黑玫瑰揉著眉心陷入了深深的沉思中。
“女士,我該說的都說了,你能讓我們離開了嗎?”蕭戰見黑玫瑰呆坐在椅子上,戰戰兢兢問了句。
“嗯,最後一個問題,你對秦羽的家人了解多少?”
“這個…”
“我跟秦然有交往過一段時間。”蕭戰臉上浮現出追憶之色,“她的聲音很好聽,空靈悠揚,而且長相絕豔,是我們學校公認的校花。”
“至於秦羽的父母....”蕭戰遲疑起來。
“怎麼?有何問題?”黑玫瑰眼神一凝。
“哎,他們的家庭很複雜。”
“秦羽的媽媽是一個虔誠的新月教教徒,據秦然透露,家中的大部分開支全被她媽媽用於交會費了。”
“所以他們姐弟二人時常吃不飽,甚至差點連學校都上不起。”
“也正是因這個原因,在我幫忙交齊了學費後,秦然同意了我的追求,不然以我的容貌體型,根本不可能得到秦然的青睞。”
說到這,蕭戰還自嘲的笑了笑。
“嗯哼,父親呢。”
“他們的爸爸是個出租車司機,為人很是差勁,經常因為偷盜搶劫而進監獄,而且還有家暴傾向。”
“若我沒記錯,每次見秦然時,她臉上跟手臂都會有些淤青跟香煙燙傷的疤痕。”
“離奇的大火又是什麼意思?”
黑玫瑰露出好奇之色。
“你知道的,新月教徒一般很偏執很瘋狂,哪怕是在當時,秦然的媽媽依舊堅持著新月教義。”
“你指的是,每個月殺一個活人獻祭?”
“對,根據當時的警察描述,他們爸爸把乘客騙回家,然後再由他們媽媽進行分屍獻祭。”
“事情敗露之後,警察找到了秦羽家,在破門而入之際,不知從哪裏燃起的大火將秦羽的父母包括他姐姐燒死在了屋內。”
蕭戰講到這,歎了口氣,“在那之後,秦羽整個人變得十分孤僻古怪,時常自說自話,抑或大吼大叫,完全就像是一個精神失常的患者。”
“我也去他班上看望過幾次,最後聽說他被關進了精神病院。”
“我知道的就這麼多了。”蕭戰苦笑著攤了攤手。
“啊~救命!!!”
黑玫瑰本還想再多問幾句,隔壁卻傳來一陣呼喊。
“莉莉?你把我老婆怎麼了。
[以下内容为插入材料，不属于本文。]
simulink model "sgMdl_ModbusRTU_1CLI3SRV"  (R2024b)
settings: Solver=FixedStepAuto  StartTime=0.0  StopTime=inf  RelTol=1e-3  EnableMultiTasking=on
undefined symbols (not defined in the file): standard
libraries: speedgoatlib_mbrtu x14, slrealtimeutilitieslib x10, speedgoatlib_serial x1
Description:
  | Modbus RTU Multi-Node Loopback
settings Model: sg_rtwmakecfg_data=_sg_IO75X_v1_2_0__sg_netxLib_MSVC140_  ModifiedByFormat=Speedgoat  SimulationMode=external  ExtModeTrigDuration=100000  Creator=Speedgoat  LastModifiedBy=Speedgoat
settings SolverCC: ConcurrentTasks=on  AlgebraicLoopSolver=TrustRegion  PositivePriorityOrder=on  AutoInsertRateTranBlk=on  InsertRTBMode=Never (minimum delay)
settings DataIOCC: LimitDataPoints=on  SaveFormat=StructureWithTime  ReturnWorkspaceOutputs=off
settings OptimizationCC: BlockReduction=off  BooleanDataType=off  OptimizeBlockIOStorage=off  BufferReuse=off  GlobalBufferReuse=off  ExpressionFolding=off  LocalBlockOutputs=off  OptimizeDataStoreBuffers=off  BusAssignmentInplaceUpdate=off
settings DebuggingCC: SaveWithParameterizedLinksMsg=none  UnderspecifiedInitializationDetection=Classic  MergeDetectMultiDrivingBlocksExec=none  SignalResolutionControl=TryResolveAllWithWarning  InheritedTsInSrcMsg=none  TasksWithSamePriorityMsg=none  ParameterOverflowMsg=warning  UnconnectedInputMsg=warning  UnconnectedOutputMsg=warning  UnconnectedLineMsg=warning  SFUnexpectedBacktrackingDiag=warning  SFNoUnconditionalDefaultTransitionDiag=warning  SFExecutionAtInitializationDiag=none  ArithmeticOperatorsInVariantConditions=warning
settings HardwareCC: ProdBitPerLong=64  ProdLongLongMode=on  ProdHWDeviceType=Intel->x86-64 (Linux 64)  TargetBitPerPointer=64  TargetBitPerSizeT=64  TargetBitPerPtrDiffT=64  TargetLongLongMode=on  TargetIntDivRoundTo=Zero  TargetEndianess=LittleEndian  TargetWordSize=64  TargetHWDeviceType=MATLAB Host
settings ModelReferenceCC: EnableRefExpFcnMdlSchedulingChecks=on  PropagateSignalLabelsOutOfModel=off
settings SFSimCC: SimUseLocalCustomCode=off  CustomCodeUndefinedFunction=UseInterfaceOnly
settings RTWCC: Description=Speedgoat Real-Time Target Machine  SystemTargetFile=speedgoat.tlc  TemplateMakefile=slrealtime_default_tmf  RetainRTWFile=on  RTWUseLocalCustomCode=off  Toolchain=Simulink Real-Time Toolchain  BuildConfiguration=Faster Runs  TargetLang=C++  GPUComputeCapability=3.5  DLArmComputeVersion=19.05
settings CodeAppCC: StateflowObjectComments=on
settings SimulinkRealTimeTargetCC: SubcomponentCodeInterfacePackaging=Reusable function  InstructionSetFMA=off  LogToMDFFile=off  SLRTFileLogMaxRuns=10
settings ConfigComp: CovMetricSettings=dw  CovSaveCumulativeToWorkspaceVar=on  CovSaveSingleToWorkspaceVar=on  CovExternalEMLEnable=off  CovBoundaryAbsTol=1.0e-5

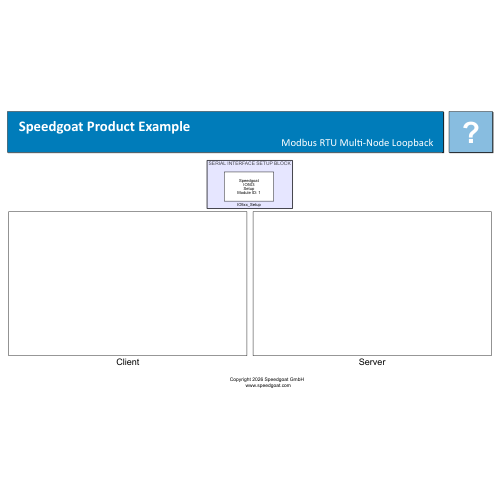
[thumbnail: Simulink's stored preview of the top-level diagram]
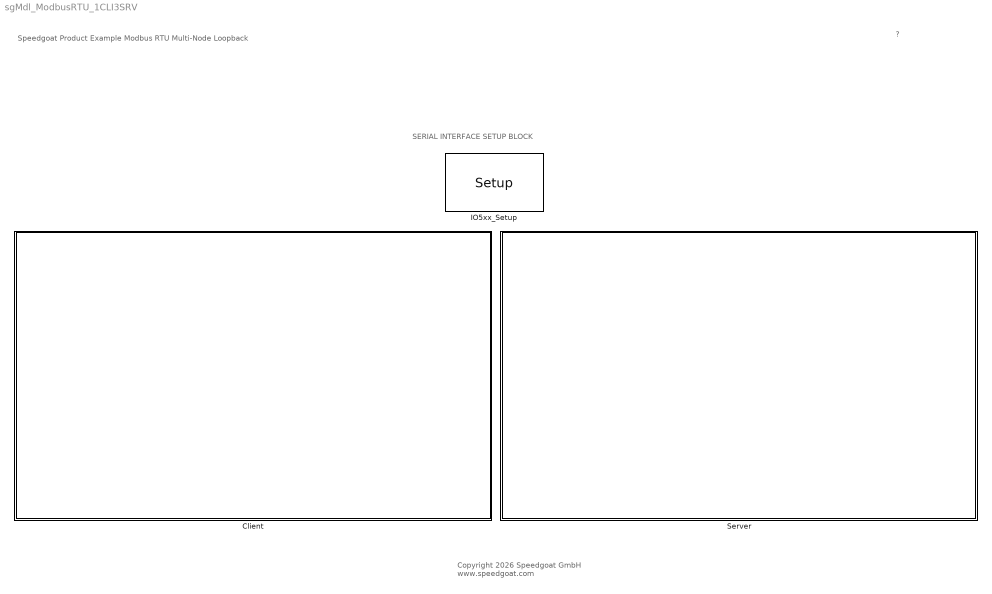
== system sgMdl_ModbusRTU_1CLI3SRV ==
  note: SERIAL INTERFACE SETUP BLOCK
  note: Speedgoat Product Example
      | Modbus RTU Multi-Node Loopback
  note: ?
  note: Copyright 2026 Speedgoat GmbH
      |  www.speedgoat.com
  Client : Subsystem
  IO5xx_Setup : speedgoatlib_serial/Speedgoat Shared blocks/Setup   parModuleType=IO504  parModuleId=1  parSlot=-1  parOscillator=50  parOscillator581=125  parTransceiver1=RS485 Half-Duplex  parTransceiver2=Disabled  parTransceiver3=RS485 Half-Duplex  parTransceiver4=Disabled  parTransceiver5=Disabled  parTransceiver6=Disabled  parTransceiver7=Disabled  parTransceiver8=Disabled  parTxTerm1=on  parRxTerm1=off  parMessageMonitoring1=off  parAutoTurnaround1=off  parTurnaroundDelay1=0  parStandardBaud1=off  parBaudrate1=19200  parBaudDivisor1=25  parSamplingRate1=16x (standard)  parPrescale1=4x  parCalcBaud1=31250  parParity1=Even  parDataBits1=8  parStopBits1=1  parTxTrigLvl1=1  parRxTrigLvl1=56  parHandshake1=none  parRtsHysteresis1=0  parXon1=17  parXoff1=19  parTxSwFifoSize1=1024  parRxSwFifoSize1=1024  parTxTerm2=on  parRxTerm2=off  parMessageMonitoring2=off  parAutoTurnaround2=off  parTurnaroundDelay2=0  parStandardBaud2=off  parBaudrate2=19200  parBaudDivisor2=1  parSamplingRate2=16x (standard)  parPrescale2=None  parCalcBaud2=3125000  parParity2=Even  parDataBits2=8  parStopBits2=1  parTxTrigLvl2=1  parRxTrigLvl2=56  parHandshake2=none  parRtsHysteresis2=0  parXon2=17  parXoff2=19  parTxSwFifoSize2=1024  parRxSwFifoSize2=1024  parTxTerm3=on  parRxTerm3=off  parMessageMonitoring3=off  parAutoTurnaround3=off  parTurnaroundDelay3=0  parStandardBaud3=off  parBaudrate3=19200  parBaudDivisor3=25  parSamplingRate3=16x (standard)  parPrescale3=4x  parCalcBaud3=31250  parParity3=Even  parDataBits3=8  parStopBits3=1  parTxTrigLvl3=1  parRxTrigLvl3=56  parHandshake3=none  parRtsHysteresis3=0  parXon3=17  parXoff3=19  parTxSwFifoSize3=1024  parRxSwFifoSize3=1024  parTxTerm4=off  parRxTerm4=off  parMessageMonitoring4=off  parAutoTurnaround4=off  parTurnaroundDelay4=0  parStandardBaud4=off  parBaudrate4=921600  parBaudDivisor4=1  parSamplingRate4=16x (standard)  parPrescale4=None  parCalcBaud4=3125000  parParity4=None  parDataBits4=8  parStopBits4=1  parTxTrigLvl4=1  parRxTrigLvl4=1  parHandshake4=none  parRtsHysteresis4=0  parXon4=17  parXoff4=19  parTxSwFifoSize4=1024  parRxSwFifoSize4=1024  parTxTerm5=off  parRxTerm5=off  parMessageMonitoring5=off  parAutoTurnaround5=off  parTurnaroundDelay5=0  parStandardBaud5=off  parBaudrate5=921600  parBaudDivisor5=1  parSamplingRate5=16x (standard)  parPrescale5=None  parCalcBaud5=3125000  parParity5=None  parDataBits5=8  parStopBits5=1  parTxTrigLvl5=1  parRxTrigLvl5=1  parHandshake5=none  parRtsHysteresis5=0  parXon5=17  parXoff5=19  parTxSwFifoSize5=1024  parRxSwFifoSize5=1024  parTxTerm6=on  parRxTerm6=off  parMessageMonitoring6=off  parAutoTurnaround6=off  parTurnaroundDelay6=0  parStandardBaud6=off  parBaudrate6=921600  parBaudDivisor6=1  parSamplingRate6=16x (standard)  parPrescale6=None  parCalcBaud6=3125000  parParity6=None  parDataBits6=8  parStopBits6=1  parTxTrigLvl6=1  parRxTrigLvl6=1  parHandshake6=none  parRtsHysteresis6=0  parXon6=17  parXoff6=19  parTxSwFifoSize6=1024  parRxSwFifoSize6=1024  parTxTerm7=off  parRxTerm7=off  parMessageMonitoring7=off  parAutoTurnaround7=off  parTurnaroundDelay7=0  parStandardBaud7=off  parBaudrate7=921600  parBaudDivisor7=1  parSamplingRate7=16x (standard)  parPrescale7=None  parCalcBaud7=3125000  parParity7=None  parDataBits7=8  parStopBits7=1  parTxTrigLvl7=1  parRxTrigLvl7=1  parHandshake7=none  parRtsHysteresis7=0  parXon7=17  parXoff7=19  parTxSwFifoSize7=1024  parRxSwFifoSize7=1024  parTxTerm8=off  parRxTerm8=off  parMessageMonitoring8=off  parAutoTurnaround8=off  parTurnaroundDelay8=0  parStandardBaud8=off  parBaudrate8=921600  parBaudDivisor8=1  parSamplingRate8=16x (standard)  parPrescale8=None  parCalcBaud8=3125000  parParity8=None  parDataBits8=8  parStopBits8=1  parTxTrigLvl8=1  parRxTrigLvl8=1  parHandshake8=none  parRtsHysteresis8=0  parXon8=17  parXoff8=19  parTxSwFifoSize8=1024  parRxSwFifoSize8=1024
  Server : Subsystem

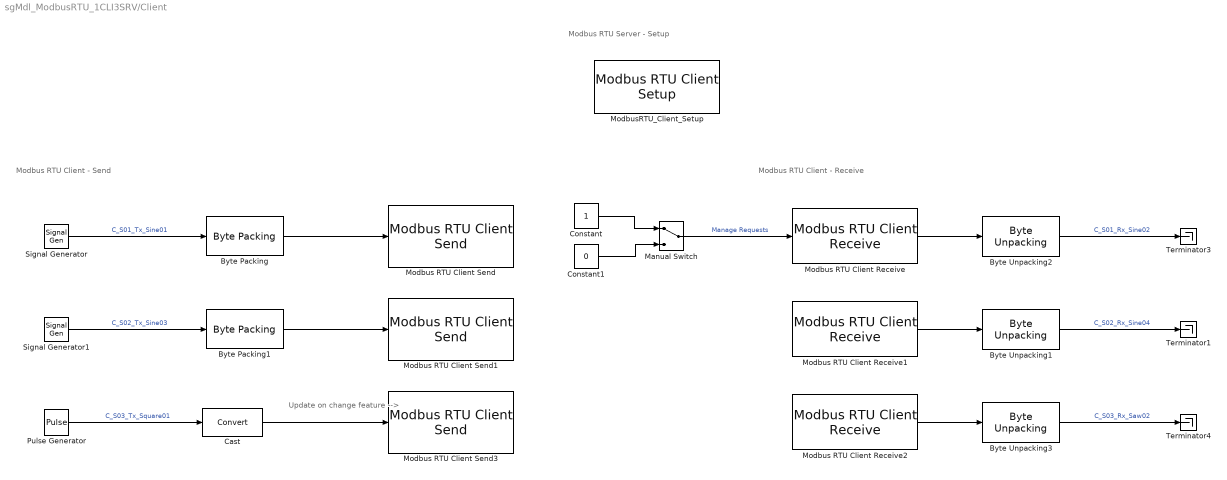
== system sgMdl_ModbusRTU_1CLI3SRV/Client ==
  note: Update on change feature
      | 					-->
  note: Modbus RTU Server - Setup
  note: Modbus RTU Client - Send
  note: Modbus RTU Client - Receive
  Byte Packing : slrealtimeutilitieslib/Byte Packing  MaskPackedDataType=uint16  MaskUnpackedDataTypes={'double'}  MaskAlignment=1
  Byte Packing1 : slrealtimeutilitieslib/Byte Packing  MaskPackedDataType=uint16  MaskUnpackedDataTypes={'double'}  MaskAlignment=1
  Byte Unpacking1 : slrealtimeutilitieslib/Byte Unpacking  MaskUnpackedDataTypes={'double'}  MaskUnpackedDataSizes={[1]}  MaskAlignment=1
  Byte Unpacking2 : slrealtimeutilitieslib/Byte Unpacking  MaskUnpackedDataTypes={'double'}  MaskUnpackedDataSizes={[1]}  MaskAlignment=1
  Byte Unpacking3 : slrealtimeutilitieslib/Byte Unpacking  MaskUnpackedDataTypes={'double'}  MaskUnpackedDataSizes={[1]}  MaskAlignment=1
  Cast : DataTypeConversion  SaturateOnIntegerOverflow=off  RndMeth=Floor
  Constant : Constant  OutDataTypeStr=boolean
  Constant1 : Constant  Value=0  OutDataTypeStr=boolean
  Manual Switch : ManualSwitch
  Modbus RTU Client Receive : speedgoatlib_mbrtu/Client/Modbus RTU Client Receive  InterfaceID=1211  NodeID=1  FunctionCode=FC4 (Read Multiple Input Registers)  DataIndex=0  DataQuantity=4  ByteSwap=off  PollingIntervall=1000  ManageRequest=on  SampleTime=-1  UpdateChange=off
      settings: SourceProductName=Modbus RTU
      settings: AttributesFormatString=|
      | %<FunctionCode>
      | Server Node: %<NodeID> | Address Index: %<DataIndex> | Quantity: %<DataQuantity>
  Modbus RTU Client Receive1 : speedgoatlib_mbrtu/Client/Modbus RTU Client Receive  InterfaceID=1211  NodeID=2  FunctionCode=FC4 (Read Multiple Input Registers)  DataIndex=10  DataQuantity=4  ByteSwap=off  PollingIntervall=500  ManageRequest=off  SampleTime=-1  UpdateChange=off
      settings: SourceProductName=Modbus RTU
      settings: AttributesFormatString=|
      | %<FunctionCode>
      | Server Node: %<NodeID> | Address Index: %<DataIndex> | Quantity: %<DataQuantity>
  Modbus RTU Client Receive2 : speedgoatlib_mbrtu/Client/Modbus RTU Client Receive  InterfaceID=1211  NodeID=3  FunctionCode=FC4 (Read Multiple Input Registers)  DataIndex=0  DataQuantity=4  ByteSwap=off  PollingIntervall=500  ManageRequest=off  SampleTime=-1  UpdateChange=off
      settings: SourceProductName=Modbus RTU
      settings: AttributesFormatString=|
      | %<FunctionCode>
      | Server Node: %<NodeID> | Address Index: %<DataIndex> | Quantity: %<DataQuantity>
  Modbus RTU Client Send : speedgoatlib_mbrtu/Client/Modbus RTU Client Send  InterfaceID=1211  NodeID=1  FunctionCode=FC16 (Write Multiple Holding Registers)  DataIndex=0  DataQuantity=4  ByteSwap=off  PollingIntervall=1000  ManageRequest=off  SampleTime=-1  UpdateChange=off
      settings: SourceProductName=Modbus RTU
      settings: AttributesFormatString=|
      | %<FunctionCode>
      | Server Node: %<NodeID> | Address Index: %<DataIndex> | Quantity: %<DataQuantity>
  Modbus RTU Client Send1 : speedgoatlib_mbrtu/Client/Modbus RTU Client Send  InterfaceID=1211  NodeID=2  FunctionCode=FC16 (Write Multiple Holding Registers)  DataIndex=4  DataQuantity=4  ByteSwap=off  PollingIntervall=500  ManageRequest=off  SampleTime=-1  UpdateChange=off
      settings: SourceProductName=Modbus RTU
      settings: AttributesFormatString=|
      | %<FunctionCode>
      | Server Node: %<NodeID> | Address Index: %<DataIndex> | Quantity: %<DataQuantity>
  Modbus RTU Client Send3 : speedgoatlib_mbrtu/Client/Modbus RTU Client Send  InterfaceID=1211  NodeID=3  FunctionCode=FC6 (Write Single Holding Register)  DataIndex=5  DataQuantity=1  ByteSwap=off  PollingIntervall=500  ManageRequest=off  SampleTime=-1  UpdateChange=off
      settings: SourceProductName=Modbus RTU
      settings: AttributesFormatString=|
      | %<FunctionCode>
      | Server Node: %<NodeID> | Address Index: %<DataIndex> | Quantity: %<DataQuantity>
  "ModbusRTU_Client_Setup " : speedgoatlib_mbrtu/Client/Modbus RTU Client Setup  SerialInterface=IO504  InterfaceModuleID=1  SerialPort=1  InterfaceID=1211  AutoID=on  RespDelay=10  ByteSwap=off  Successive=off  SampleTime=-1
      settings: AttributesFormatString=Interface: %<SerialInterface> | Channel: %<SerialPort>  SourceProductName=Modbus RTU
  Pulse Generator : DiscretePulseGenerator  PulseType=Time based  Amplitude=55  Period=5  PulseWidth=65  PhaseDelay=1
  Signal Generator : SignalGenerator  Amplitude=10  Frequency=0.1  Units=rad/sec
  Signal Generator1 : SignalGenerator  Amplitude=30  Frequency=0.3  Units=rad/sec
  Terminator1 : Terminator
  Terminator3 : Terminator
  Terminator4 : Terminator
  wires:
  Manual Switch/1 -> Modbus RTU Client Receive/1  "Manage Requests"
  Constant1/1 -> Manual Switch/2
  Byte Packing/1 -> Modbus RTU Client Send/1
  Modbus RTU Client Receive1/1 -> Byte Unpacking1/1
  Pulse Generator/1 -> Cast/1  "C_S03_Tx_Square01"
  Modbus RTU Client Receive2/1 -> Byte Unpacking3/1
  Byte Packing1/1 -> Modbus RTU Client Send1/1
  Modbus RTU Client Receive/1 -> Byte Unpacking2/1
  Signal Generator/1 -> Byte Packing/1  "C_S01_Tx_Sine01"
  Constant/1 -> Manual Switch/1
  Byte Unpacking2/1 -> Terminator3/1  "C_S01_Rx_Sine02"
  Signal Generator1/1 -> Byte Packing1/1  "C_S02_Tx_Sine03"
  Byte Unpacking1/1 -> Terminator1/1  "C_S02_Rx_Sine04"
  Byte Unpacking3/1 -> Terminator4/1  "C_S03_Rx_Saw02"
  Cast/1 -> Modbus RTU Client Send3/1

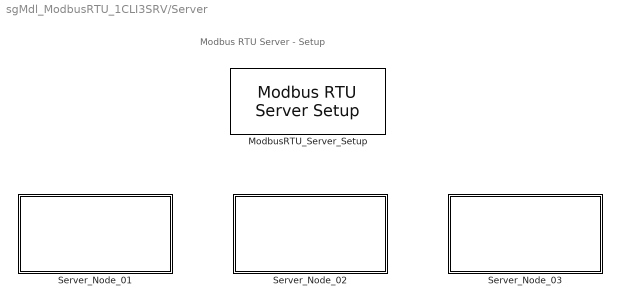
== system sgMdl_ModbusRTU_1CLI3SRV/Server ==
  note: Modbus RTU Server - Setup
  "ModbusRTU_Server_Setup " : speedgoatlib_mbrtu/Server/Modbus RTU Server Setup  SerialInterface=IO504  InterfaceModuleID=1  SerialPort=3  InterfaceID=2213  AutoID=on  Nodes=[1,2,3]  TableDim=[255,255,255,255;100,100,100,100;64,64,64,64]  RespDelay=0  Swap=off  SampleTime=-1
      settings: AttributesFormatString=Interface: %<SerialInterface> | Channel: %<SerialPort>  SourceProductName=Modbus RTU
  Server_Node_01 : Subsystem
  Server_Node_02 : Subsystem
  Server_Node_03 : Subsystem

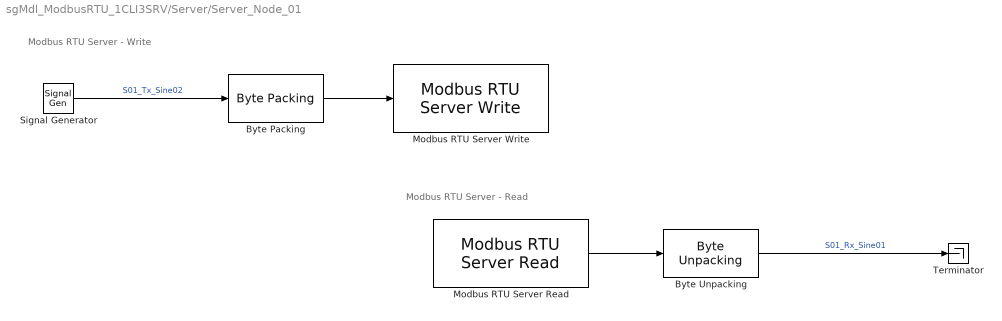
== system sgMdl_ModbusRTU_1CLI3SRV/Server/Server_Node_01 ==
  note: Modbus RTU Server - Read
  note: Modbus RTU Server - Write
  Byte Packing : slrealtimeutilitieslib/Byte Packing  MaskPackedDataType=uint16  MaskUnpackedDataTypes={'double'}  MaskAlignment=1
  Byte Unpacking : slrealtimeutilitieslib/Byte Unpacking  MaskUnpackedDataTypes={'double'}  MaskUnpackedDataSizes={[1]}  MaskAlignment=1
  Modbus RTU Server Read : speedgoatlib_mbrtu/Server/Modbus RTU Server Read  ServerID=2213  NodeID=1  DataTable=Holding Registers  DataIndex=0  DataQuantity=4  ByteSwap=off  SampleTime=-1
      settings: AttributesFormatString=%<DataTable> - Index: %<DataIndex> - Quantity: %<DataQuantity>  SourceProductName=Modbus RTU
  Modbus RTU Server Write : speedgoatlib_mbrtu/Server/Modbus RTU Server Write  ServerID=2213  NodeID=1  DataTable=Input Registers  DataIndex=0  DataQuantity=4  ByteSwap=off  SampleTime=-1
      settings: AttributesFormatString=%<DataTable> - Index: %<DataIndex> - Quantity: %<DataQuantity>  SourceProductName=Modbus RTU
  Signal Generator : SignalGenerator  Amplitude=40  Frequency=0.4  Units=rad/sec
  Terminator : Terminator
  wires:
  Signal Generator/1 -> Byte Packing/1  "S01_Tx_Sine02"
  Byte Packing/1 -> Modbus RTU Server Write/1
  Byte Unpacking/1 -> Terminator/1  "S01_Rx_Sine01"
  Modbus RTU Server Read/1 -> Byte Unpacking/1

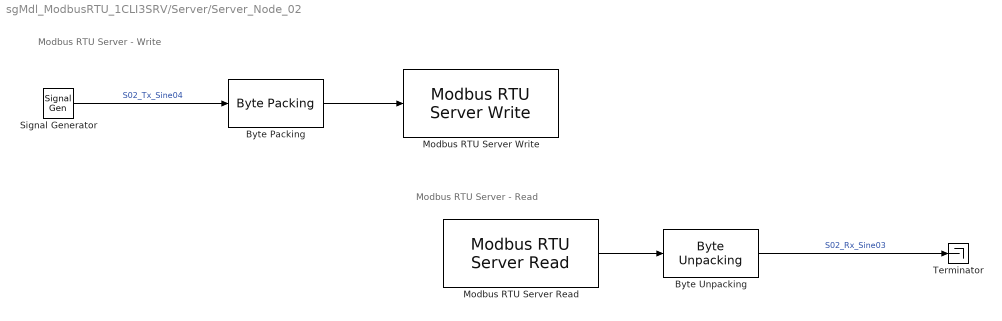
== system sgMdl_ModbusRTU_1CLI3SRV/Server/Server_Node_02 ==
  note: Modbus RTU Server - Read
  note: Modbus RTU Server - Write
  Byte Packing : slrealtimeutilitieslib/Byte Packing  MaskPackedDataType=uint16  MaskUnpackedDataTypes={'double'}  MaskAlignment=1
  Byte Unpacking : slrealtimeutilitieslib/Byte Unpacking  MaskUnpackedDataTypes={'double'}  MaskUnpackedDataSizes={[1]}  MaskAlignment=1
  Modbus RTU Server Read : speedgoatlib_mbrtu/Server/Modbus RTU Server Read  ServerID=2213  NodeID=2  DataTable=Holding Registers  DataIndex=4  DataQuantity=4  ByteSwap=off  SampleTime=-1
      settings: AttributesFormatString=%<DataTable> - Index: %<DataIndex> - Quantity: %<DataQuantity>  SourceProductName=Modbus RTU
  Modbus RTU Server Write : speedgoatlib_mbrtu/Server/Modbus RTU Server Write  ServerID=2213  NodeID=2  DataTable=Input Registers  DataIndex=10  DataQuantity=4  ByteSwap=off  SampleTime=-1
      settings: AttributesFormatString=%<DataTable> - Index: %<DataIndex> - Quantity: %<DataQuantity>  SourceProductName=Modbus RTU
  Signal Generator : SignalGenerator  Amplitude=80  Frequency=0.8  Units=rad/sec
  Terminator : Terminator
  wires:
  Modbus RTU Server Read/1 -> Byte Unpacking/1
  Byte Unpacking/1 -> Terminator/1  "S02_Rx_Sine03"
  Byte Packing/1 -> Modbus RTU Server Write/1
  Signal Generator/1 -> Byte Packing/1  "S02_Tx_Sine04"

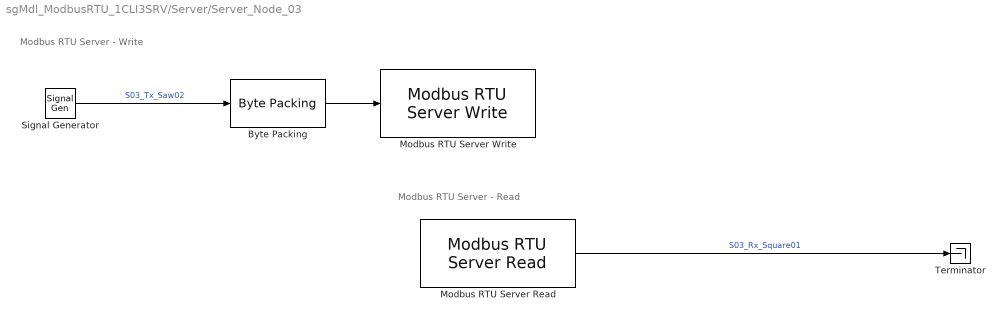
== system sgMdl_ModbusRTU_1CLI3SRV/Server/Server_Node_03 ==
  note: Modbus RTU Server - Write
  note: Modbus RTU Server - Read
  Byte Packing : slrealtimeutilitieslib/Byte Packing  MaskPackedDataType=uint16  MaskUnpackedDataTypes={'double'}  MaskAlignment=1
  Modbus RTU Server Read : speedgoatlib_mbrtu/Server/Modbus RTU Server Read  ServerID=2213  NodeID=3  DataTable=Holding Registers  DataIndex=5  DataQuantity=1  ByteSwap=off  SampleTime=-1
      settings: AttributesFormatString=%<DataTable> - Index: %<DataIndex> - Quantity: %<DataQuantity>  SourceProductName=Modbus RTU
  Modbus RTU Server Write : speedgoatlib_mbrtu/Server/Modbus RTU Server Write  ServerID=2213  NodeID=3  DataTable=Input Registers  DataIndex=0  DataQuantity=4  ByteSwap=off  SampleTime=-1
      settings: AttributesFormatString=%<DataTable> - Index: %<DataIndex> - Quantity: %<DataQuantity>  SourceProductName=Modbus RTU
  Signal Generator : SignalGenerator  WaveForm=sawtooth  Amplitude=20  Frequency=0.2  Units=rad/sec
  Terminator : Terminator
  wires:
  Modbus RTU Server Read/1 -> Terminator/1  "S03_Rx_Square01"
  Byte Packing/1 -> Modbus RTU Server Write/1
  Signal Generator/1 -> Byte Packing/1  "S03_Tx_Saw02"

”
“你可以走了,你老婆就在隔壁,記住,今天的談話內容你不可以跟任何人提及,哪怕是秦羽也不行。”
黑玫瑰估計再問也問不出什麼有價值的消息,於是帶著蕭戰走到了隔壁。
隻是剛一進門,一股濃鬱刺鼻的血腥味便撲麵而來,讓兩人皆是忍不住皺起了眉頭。
蕭戰的老婆此時倒在血泊中。
“老婆,你不要緊吧,快幫我叫救護車。”
“什麼情況?”黑玫瑰看向一旁的看護人員。
“不知道啊,剛剛她還有說有笑的跟我們炫耀起自己的首飾,結果下一秒就流了大片鮮血,我猜,是要生了吧。”
看護人員支支吾吾,顯然也被嚇懵了。
“哎,找幾個人把她送到最近的醫院去吧。”
“是!”
黑玫瑰無奈歎了口氣,她雖沒生過孩子,可看這驚人的出血量顯然不是孩子要出生的征兆,她猜十有八九那孩子已經胎死腹中了。
本來她以為處理完“店長”一事後自己能休息片刻,可不曾想卻接到了監控秦羽的路人組發來的消息,說是發現了秦羽的朋友。
於是她又馬不停蹄的趕到了詢問室。
正當盤問順利完成時,一等公民的孩子卻又恰好死在了她這裏。
一想到未來麵對的投訴以及盤查,黑玫瑰就一陣頭疼。
她轉身準備去記錄一下今日的重大情報,突然,一陣戲謔笑聲響徹在她耳邊。
“咯咯咯~”
“誰在外麵?”
黑玫瑰當即踹開房門,厲喝出聲。
一旁的看護人員相互對視了一眼,“組長,你在幹嘛?”
“你們難道沒聽到什麼笑聲嗎?”
“嗬嗬,什麼笑聲啊,您應該是聽錯了吧,再說了,這個點,除了我們以外,其餘人都下班了。”
“嗯?難道是自己最近壓力太大了?”
黑玫瑰揉了揉眉心,抬眸卻見二人拿怪異的目光盯著自己,她不由冷哼一聲,“讓你們看個人都看不好,回去給我寫一萬字檢討。”